Exercise:
Any pictures should be dropped; everything else in the records is to be returned exactly.
[Start of section]
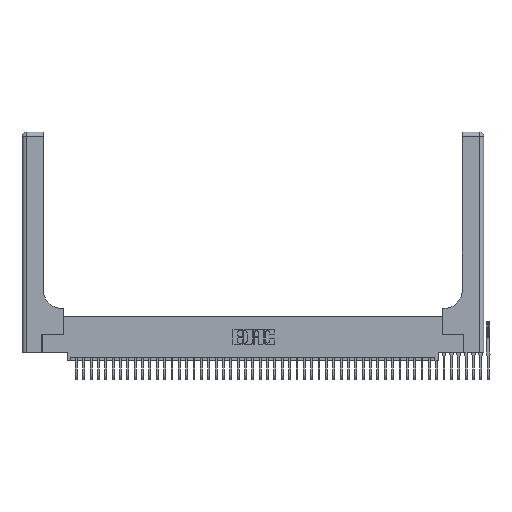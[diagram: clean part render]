
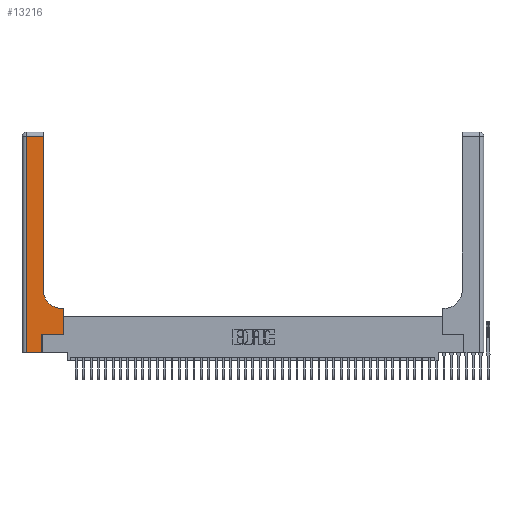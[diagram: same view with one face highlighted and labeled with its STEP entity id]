
A CAD part, top view. The second image highlights one B-rep face of the part: STEP entity #13216.
In plain terms, the highlighted planar face has unit normal (0, 0, 1).
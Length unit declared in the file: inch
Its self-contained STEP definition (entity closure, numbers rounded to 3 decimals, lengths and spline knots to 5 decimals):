
#249 = VECTOR ( 'NONE', #3929, 39.37008 ) ;
#1131 = LINE ( 'NONE', #40847, #33345 ) ;
#1214 = EDGE_CURVE ( 'NONE', #23327, #37470, #10879, .T. ) ;
#1344 = EDGE_CURVE ( 'NONE', #18120, #19431, #21872, .T. ) ;
#1423 = DIRECTION ( 'NONE',  ( -1., 0., 0. ) ) ;
#1444 = VERTEX_POINT ( 'NONE', #2225 ) ;
#2225 = CARTESIAN_POINT ( 'NONE',  ( 0.2915, 2.94, 0.37 ) ) ;
#2936 = LINE ( 'NONE', #36733, #35047 ) ;
#3026 = CARTESIAN_POINT ( 'NONE',  ( 0., 2.94, 0.37 ) ) ;
#3512 = ORIENTED_EDGE ( 'NONE', *, *, #27637, .T. ) ;
#3929 = DIRECTION ( 'NONE',  ( 0., 1., 0. ) ) ;
#4233 = CARTESIAN_POINT ( 'NONE',  ( 0.5415, 0.6, 0.37 ) ) ;
#4406 = DIRECTION ( 'NONE',  ( 0., 0., -1. ) ) ;
#5107 = DIRECTION ( 'NONE',  ( 1., 0., 0. ) ) ;
#5789 = ORIENTED_EDGE ( 'NONE', *, *, #1214, .T. ) ;
#6379 = EDGE_CURVE ( 'NONE', #37470, #1444, #25581, .T. ) ;
#8117 = DIRECTION ( 'NONE',  ( -1., 0., 0. ) ) ;
#8252 = CARTESIAN_POINT ( 'NONE',  ( 0.269, 0.25, 0.37 ) ) ;
#8595 = ORIENTED_EDGE ( 'NONE', *, *, #38573, .T. ) ;
#8697 = EDGE_CURVE ( 'NONE', #21396, #18120, #1131, .T. ) ;
#9582 = DIRECTION ( 'NONE',  ( -1., 0., 0. ) ) ;
#10017 = EDGE_CURVE ( 'NONE', #1444, #25711, #21211, .T. ) ;
#10879 = CIRCLE ( 'NONE', #30761, 0.25 ) ;
#11044 = LINE ( 'NONE', #13742, #19515 ) ;
#12001 = CARTESIAN_POINT ( 'NONE',  ( 0.269, 0.25, 0.37 ) ) ;
#12056 = ORIENTED_EDGE ( 'NONE', *, *, #1344, .T. ) ;
#12397 = LINE ( 'NONE', #12884, #36832 ) ;
#12884 = CARTESIAN_POINT ( 'NONE',  ( 0.06, 3., 0.37 ) ) ;
#13216 = ADVANCED_FACE ( 'NONE', ( #31415 ), #33473, .F. ) ;
#13364 = VECTOR ( 'NONE', #5107, 39.37008 ) ;
#13742 = CARTESIAN_POINT ( 'NONE',  ( 0., 0., 0.37 ) ) ;
#15809 = ORIENTED_EDGE ( 'NONE', *, *, #8697, .T. ) ;
#16067 = DIRECTION ( 'NONE',  ( 0., -1., 0. ) ) ;
#16299 = ORIENTED_EDGE ( 'NONE', *, *, #17195, .T. ) ;
#16336 = ORIENTED_EDGE ( 'NONE', *, *, #6379, .T. ) ;
#17032 = VECTOR ( 'NONE', #41303, 39.37008 ) ;
#17195 = EDGE_CURVE ( 'NONE', #25711, #30571, #12397, .T. ) ;
#17510 = CARTESIAN_POINT ( 'NONE',  ( 0.06, 0., 0.37 ) ) ;
#18120 = VERTEX_POINT ( 'NONE', #12001 ) ;
#18435 = CARTESIAN_POINT ( 'NONE',  ( 0.269, 0., 0.37 ) ) ;
#19431 = VERTEX_POINT ( 'NONE', #31596 ) ;
#19515 = VECTOR ( 'NONE', #32883, 39.37008 ) ;
#19549 = EDGE_LOOP ( 'NONE', ( #16336, #27543, #16299, #30661, #15809, #12056, #8595, #3512, #5789 ) ) ;
#19664 = AXIS2_PLACEMENT_3D ( 'NONE', #39839, #20764, #1423 ) ;
#20764 = DIRECTION ( 'NONE',  ( 0., 0., -1. ) ) ;
#21211 = LINE ( 'NONE', #3026, #37180 ) ;
#21396 = VERTEX_POINT ( 'NONE', #18435 ) ;
#21872 = LINE ( 'NONE', #8252, #13364 ) ;
#23327 = VERTEX_POINT ( 'NONE', #4233 ) ;
#23649 = CARTESIAN_POINT ( 'NONE',  ( 0.5415, 0.85, 0.37 ) ) ;
#24467 = CARTESIAN_POINT ( 'NONE',  ( 0.5585, 0.6, 0.37 ) ) ;
#25465 = CARTESIAN_POINT ( 'NONE',  ( 0.2915, 3., 0.37 ) ) ;
#25581 = LINE ( 'NONE', #25465, #17032 ) ;
#25711 = VERTEX_POINT ( 'NONE', #36655 ) ;
#26023 = LINE ( 'NONE', #29587, #249 ) ;
#26857 = DIRECTION ( 'NONE',  ( 1., 0., 0. ) ) ;
#27543 = ORIENTED_EDGE ( 'NONE', *, *, #10017, .T. ) ;
#27637 = EDGE_CURVE ( 'NONE', #38161, #23327, #2936, .T. ) ;
#29587 = CARTESIAN_POINT ( 'NONE',  ( 0.5585, 0.25, 0.37 ) ) ;
#30571 = VERTEX_POINT ( 'NONE', #17510 ) ;
#30661 = ORIENTED_EDGE ( 'NONE', *, *, #32097, .T. ) ;
#30761 = AXIS2_PLACEMENT_3D ( 'NONE', #23649, #4406, #26857 ) ;
#31415 = FACE_OUTER_BOUND ( 'NONE', #19549, .T. ) ;
#31596 = CARTESIAN_POINT ( 'NONE',  ( 0.5585, 0.25, 0.37 ) ) ;
#32097 = EDGE_CURVE ( 'NONE', #30571, #21396, #11044, .T. ) ;
#32883 = DIRECTION ( 'NONE',  ( 1., 0., 0. ) ) ;
#33345 = VECTOR ( 'NONE', #34631, 39.37008 ) ;
#33473 = PLANE ( 'NONE',  #19664 ) ;
#33581 = CARTESIAN_POINT ( 'NONE',  ( 0.2915, 0.85, 0.37 ) ) ;
#34631 = DIRECTION ( 'NONE',  ( 0., 1., 0. ) ) ;
#35047 = VECTOR ( 'NONE', #8117, 39.37008 ) ;
#36655 = CARTESIAN_POINT ( 'NONE',  ( 0.06, 2.94, 0.37 ) ) ;
#36733 = CARTESIAN_POINT ( 'NONE',  ( 0.2915, 0.6, 0.37 ) ) ;
#36832 = VECTOR ( 'NONE', #16067, 39.37008 ) ;
#37180 = VECTOR ( 'NONE', #9582, 39.37008 ) ;
#37470 = VERTEX_POINT ( 'NONE', #33581 ) ;
#38161 = VERTEX_POINT ( 'NONE', #24467 ) ;
#38573 = EDGE_CURVE ( 'NONE', #19431, #38161, #26023, .T. ) ;
#39839 = CARTESIAN_POINT ( 'NONE',  ( 0., 3., 0.37 ) ) ;
#40847 = CARTESIAN_POINT ( 'NONE',  ( 0.269, 0., 0.37 ) ) ;
#41303 = DIRECTION ( 'NONE',  ( 0., 1., 0. ) ) ;
[End of section]
Solution for this exercise:
[diagram: clean part render]
[diagram: same view with one face highlighted and labeled with its STEP entity id]
A CAD part, top view. The second image highlights one B-rep face of the part: STEP entity #13216.
In plain terms, the highlighted planar face has unit normal (0, 0, 1).
Length unit declared in the file: inch
Its self-contained STEP definition (entity closure, numbers rounded to 3 decimals, lengths and spline knots to 5 decimals):
#249 = VECTOR ( 'NONE', #3929, 39.37008 ) ;
#1131 = LINE ( 'NONE', #40847, #33345 ) ;
#1214 = EDGE_CURVE ( 'NONE', #23327, #37470, #10879, .T. ) ;
#1344 = EDGE_CURVE ( 'NONE', #18120, #19431, #21872, .T. ) ;
#1423 = DIRECTION ( 'NONE',  ( -1., 0., 0. ) ) ;
#1444 = VERTEX_POINT ( 'NONE', #2225 ) ;
#2225 = CARTESIAN_POINT ( 'NONE',  ( 0.2915, 2.94, 0.37 ) ) ;
#2936 = LINE ( 'NONE', #36733, #35047 ) ;
#3026 = CARTESIAN_POINT ( 'NONE',  ( 0., 2.94, 0.37 ) ) ;
#3512 = ORIENTED_EDGE ( 'NONE', *, *, #27637, .T. ) ;
#3929 = DIRECTION ( 'NONE',  ( 0., 1., 0. ) ) ;
#4233 = CARTESIAN_POINT ( 'NONE',  ( 0.5415, 0.6, 0.37 ) ) ;
#4406 = DIRECTION ( 'NONE',  ( 0., 0., -1. ) ) ;
#5107 = DIRECTION ( 'NONE',  ( 1., 0., 0. ) ) ;
#5789 = ORIENTED_EDGE ( 'NONE', *, *, #1214, .T. ) ;
#6379 = EDGE_CURVE ( 'NONE', #37470, #1444, #25581, .T. ) ;
#8117 = DIRECTION ( 'NONE',  ( -1., 0., 0. ) ) ;
#8252 = CARTESIAN_POINT ( 'NONE',  ( 0.269, 0.25, 0.37 ) ) ;
#8595 = ORIENTED_EDGE ( 'NONE', *, *, #38573, .T. ) ;
#8697 = EDGE_CURVE ( 'NONE', #21396, #18120, #1131, .T. ) ;
#9582 = DIRECTION ( 'NONE',  ( -1., 0., 0. ) ) ;
#10017 = EDGE_CURVE ( 'NONE', #1444, #25711, #21211, .T. ) ;
#10879 = CIRCLE ( 'NONE', #30761, 0.25 ) ;
#11044 = LINE ( 'NONE', #13742, #19515 ) ;
#12001 = CARTESIAN_POINT ( 'NONE',  ( 0.269, 0.25, 0.37 ) ) ;
#12056 = ORIENTED_EDGE ( 'NONE', *, *, #1344, .T. ) ;
#12397 = LINE ( 'NONE', #12884, #36832 ) ;
#12884 = CARTESIAN_POINT ( 'NONE',  ( 0.06, 3., 0.37 ) ) ;
#13216 = ADVANCED_FACE ( 'NONE', ( #31415 ), #33473, .F. ) ;
#13364 = VECTOR ( 'NONE', #5107, 39.37008 ) ;
#13742 = CARTESIAN_POINT ( 'NONE',  ( 0., 0., 0.37 ) ) ;
#15809 = ORIENTED_EDGE ( 'NONE', *, *, #8697, .T. ) ;
#16067 = DIRECTION ( 'NONE',  ( 0., -1., 0. ) ) ;
#16299 = ORIENTED_EDGE ( 'NONE', *, *, #17195, .T. ) ;
#16336 = ORIENTED_EDGE ( 'NONE', *, *, #6379, .T. ) ;
#17032 = VECTOR ( 'NONE', #41303, 39.37008 ) ;
#17195 = EDGE_CURVE ( 'NONE', #25711, #30571, #12397, .T. ) ;
#17510 = CARTESIAN_POINT ( 'NONE',  ( 0.06, 0., 0.37 ) ) ;
#18120 = VERTEX_POINT ( 'NONE', #12001 ) ;
#18435 = CARTESIAN_POINT ( 'NONE',  ( 0.269, 0., 0.37 ) ) ;
#19431 = VERTEX_POINT ( 'NONE', #31596 ) ;
#19515 = VECTOR ( 'NONE', #32883, 39.37008 ) ;
#19549 = EDGE_LOOP ( 'NONE', ( #16336, #27543, #16299, #30661, #15809, #12056, #8595, #3512, #5789 ) ) ;
#19664 = AXIS2_PLACEMENT_3D ( 'NONE', #39839, #20764, #1423 ) ;
#20764 = DIRECTION ( 'NONE',  ( 0., 0., -1. ) ) ;
#21211 = LINE ( 'NONE', #3026, #37180 ) ;
#21396 = VERTEX_POINT ( 'NONE', #18435 ) ;
#21872 = LINE ( 'NONE', #8252, #13364 ) ;
#23327 = VERTEX_POINT ( 'NONE', #4233 ) ;
#23649 = CARTESIAN_POINT ( 'NONE',  ( 0.5415, 0.85, 0.37 ) ) ;
#24467 = CARTESIAN_POINT ( 'NONE',  ( 0.5585, 0.6, 0.37 ) ) ;
#25465 = CARTESIAN_POINT ( 'NONE',  ( 0.2915, 3., 0.37 ) ) ;
#25581 = LINE ( 'NONE', #25465, #17032 ) ;
#25711 = VERTEX_POINT ( 'NONE', #36655 ) ;
#26023 = LINE ( 'NONE', #29587, #249 ) ;
#26857 = DIRECTION ( 'NONE',  ( 1., 0., 0. ) ) ;
#27543 = ORIENTED_EDGE ( 'NONE', *, *, #10017, .T. ) ;
#27637 = EDGE_CURVE ( 'NONE', #38161, #23327, #2936, .T. ) ;
#29587 = CARTESIAN_POINT ( 'NONE',  ( 0.5585, 0.25, 0.37 ) ) ;
#30571 = VERTEX_POINT ( 'NONE', #17510 ) ;
#30661 = ORIENTED_EDGE ( 'NONE', *, *, #32097, .T. ) ;
#30761 = AXIS2_PLACEMENT_3D ( 'NONE', #23649, #4406, #26857 ) ;
#31415 = FACE_OUTER_BOUND ( 'NONE', #19549, .T. ) ;
#31596 = CARTESIAN_POINT ( 'NONE',  ( 0.5585, 0.25, 0.37 ) ) ;
#32097 = EDGE_CURVE ( 'NONE', #30571, #21396, #11044, .T. ) ;
#32883 = DIRECTION ( 'NONE',  ( 1., 0., 0. ) ) ;
#33345 = VECTOR ( 'NONE', #34631, 39.37008 ) ;
#33473 = PLANE ( 'NONE',  #19664 ) ;
#33581 = CARTESIAN_POINT ( 'NONE',  ( 0.2915, 0.85, 0.37 ) ) ;
#34631 = DIRECTION ( 'NONE',  ( 0., 1., 0. ) ) ;
#35047 = VECTOR ( 'NONE', #8117, 39.37008 ) ;
#36655 = CARTESIAN_POINT ( 'NONE',  ( 0.06, 2.94, 0.37 ) ) ;
#36733 = CARTESIAN_POINT ( 'NONE',  ( 0.2915, 0.6, 0.37 ) ) ;
#36832 = VECTOR ( 'NONE', #16067, 39.37008 ) ;
#37180 = VECTOR ( 'NONE', #9582, 39.37008 ) ;
#37470 = VERTEX_POINT ( 'NONE', #33581 ) ;
#38161 = VERTEX_POINT ( 'NONE', #24467 ) ;
#38573 = EDGE_CURVE ( 'NONE', #19431, #38161, #26023, .T. ) ;
#39839 = CARTESIAN_POINT ( 'NONE',  ( 0., 3., 0.37 ) ) ;
#40847 = CARTESIAN_POINT ( 'NONE',  ( 0.269, 0., 0.37 ) ) ;
#41303 = DIRECTION ( 'NONE',  ( 0., 1., 0. ) ) ;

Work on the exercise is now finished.